___ Material to process

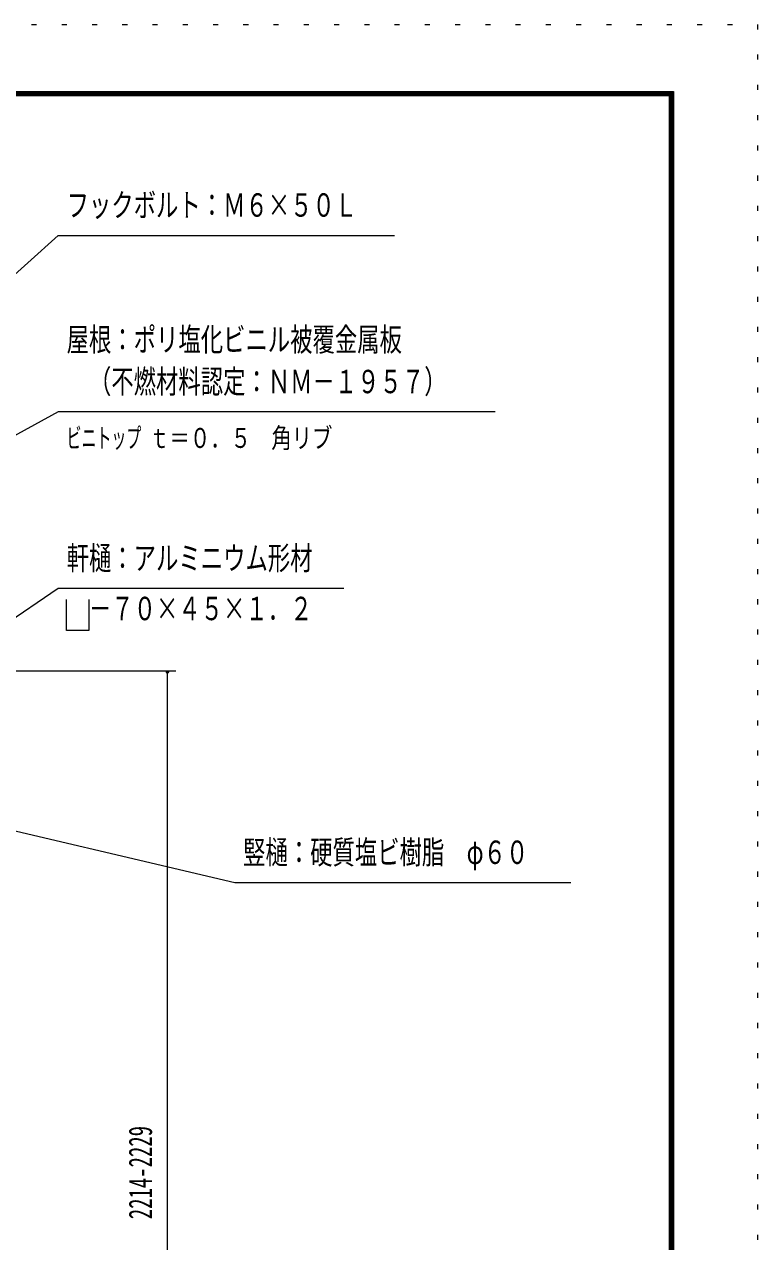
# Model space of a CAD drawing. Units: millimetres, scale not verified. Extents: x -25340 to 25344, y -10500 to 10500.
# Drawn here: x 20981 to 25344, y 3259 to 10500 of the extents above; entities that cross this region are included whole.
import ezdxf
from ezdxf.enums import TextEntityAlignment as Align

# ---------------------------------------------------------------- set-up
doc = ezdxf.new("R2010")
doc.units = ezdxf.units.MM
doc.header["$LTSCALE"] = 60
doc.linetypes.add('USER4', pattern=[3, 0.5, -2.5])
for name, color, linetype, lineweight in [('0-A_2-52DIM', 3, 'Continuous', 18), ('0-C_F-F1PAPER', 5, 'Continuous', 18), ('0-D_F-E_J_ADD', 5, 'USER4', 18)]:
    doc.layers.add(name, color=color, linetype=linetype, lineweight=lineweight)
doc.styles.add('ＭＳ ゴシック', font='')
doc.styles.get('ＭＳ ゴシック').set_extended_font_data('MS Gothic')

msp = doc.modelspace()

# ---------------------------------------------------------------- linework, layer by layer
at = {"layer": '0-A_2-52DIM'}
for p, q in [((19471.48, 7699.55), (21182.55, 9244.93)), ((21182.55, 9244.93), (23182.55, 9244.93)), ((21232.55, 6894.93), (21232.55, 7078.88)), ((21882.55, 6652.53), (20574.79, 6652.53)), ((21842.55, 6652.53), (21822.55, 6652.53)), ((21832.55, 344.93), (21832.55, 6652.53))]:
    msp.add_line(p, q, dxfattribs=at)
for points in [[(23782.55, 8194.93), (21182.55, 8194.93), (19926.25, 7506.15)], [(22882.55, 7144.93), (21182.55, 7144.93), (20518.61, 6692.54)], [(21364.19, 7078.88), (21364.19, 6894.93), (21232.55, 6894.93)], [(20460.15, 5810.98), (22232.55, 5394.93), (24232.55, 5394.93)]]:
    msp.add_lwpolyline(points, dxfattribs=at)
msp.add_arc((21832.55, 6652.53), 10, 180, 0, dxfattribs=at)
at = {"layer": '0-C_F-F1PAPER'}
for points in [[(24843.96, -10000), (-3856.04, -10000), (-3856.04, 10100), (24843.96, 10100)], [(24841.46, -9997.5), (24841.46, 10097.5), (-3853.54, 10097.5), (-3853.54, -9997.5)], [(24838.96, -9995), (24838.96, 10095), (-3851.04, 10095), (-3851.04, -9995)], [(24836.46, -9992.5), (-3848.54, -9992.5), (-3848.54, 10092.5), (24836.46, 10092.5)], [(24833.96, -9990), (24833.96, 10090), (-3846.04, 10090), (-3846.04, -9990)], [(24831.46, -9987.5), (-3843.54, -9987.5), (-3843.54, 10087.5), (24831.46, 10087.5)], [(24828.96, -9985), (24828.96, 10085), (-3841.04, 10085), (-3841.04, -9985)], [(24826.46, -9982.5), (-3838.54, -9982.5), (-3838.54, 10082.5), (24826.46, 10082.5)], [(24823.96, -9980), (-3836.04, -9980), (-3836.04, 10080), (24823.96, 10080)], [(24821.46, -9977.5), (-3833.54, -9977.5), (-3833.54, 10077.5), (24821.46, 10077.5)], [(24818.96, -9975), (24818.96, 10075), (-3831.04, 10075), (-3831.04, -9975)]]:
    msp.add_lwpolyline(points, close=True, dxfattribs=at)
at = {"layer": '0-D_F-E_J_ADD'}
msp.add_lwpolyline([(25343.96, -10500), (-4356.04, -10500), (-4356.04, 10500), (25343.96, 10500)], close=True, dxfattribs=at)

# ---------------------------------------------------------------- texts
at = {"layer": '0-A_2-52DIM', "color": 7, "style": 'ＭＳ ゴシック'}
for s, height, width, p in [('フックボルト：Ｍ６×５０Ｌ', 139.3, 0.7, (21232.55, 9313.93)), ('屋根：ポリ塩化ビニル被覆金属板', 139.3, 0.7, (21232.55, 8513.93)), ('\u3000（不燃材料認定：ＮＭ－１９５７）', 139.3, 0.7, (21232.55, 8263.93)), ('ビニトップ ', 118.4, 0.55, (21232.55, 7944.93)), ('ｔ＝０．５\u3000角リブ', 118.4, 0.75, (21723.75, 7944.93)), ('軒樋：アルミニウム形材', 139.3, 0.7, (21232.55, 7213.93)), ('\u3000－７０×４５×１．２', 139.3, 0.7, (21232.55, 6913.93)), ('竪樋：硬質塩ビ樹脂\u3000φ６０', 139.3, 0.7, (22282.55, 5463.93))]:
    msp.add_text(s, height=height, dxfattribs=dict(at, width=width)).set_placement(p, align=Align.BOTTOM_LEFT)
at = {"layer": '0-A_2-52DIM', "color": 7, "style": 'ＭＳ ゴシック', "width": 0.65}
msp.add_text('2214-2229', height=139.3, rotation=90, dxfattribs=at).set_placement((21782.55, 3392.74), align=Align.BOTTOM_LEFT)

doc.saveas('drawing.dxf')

______

◆ Exercise description ◆
Working from the data above, extract solely the lines from the one containing "for name, color, linetype, lineweight" through the one containing "doc.styles.add('ＭＳ ゴシック', font='')", exactly as they appear, both included.

◆ Answer below ◆
for name, color, linetype, lineweight in [('0-A_2-52DIM', 3, 'Continuous', 18), ('0-C_F-F1PAPER', 5, 'Continuous', 18), ('0-D_F-E_J_ADD', 5, 'USER4', 18)]:
    doc.layers.add(name, color=color, linetype=linetype, lineweight=lineweight)
doc.styles.add('ＭＳ ゴシック', font='')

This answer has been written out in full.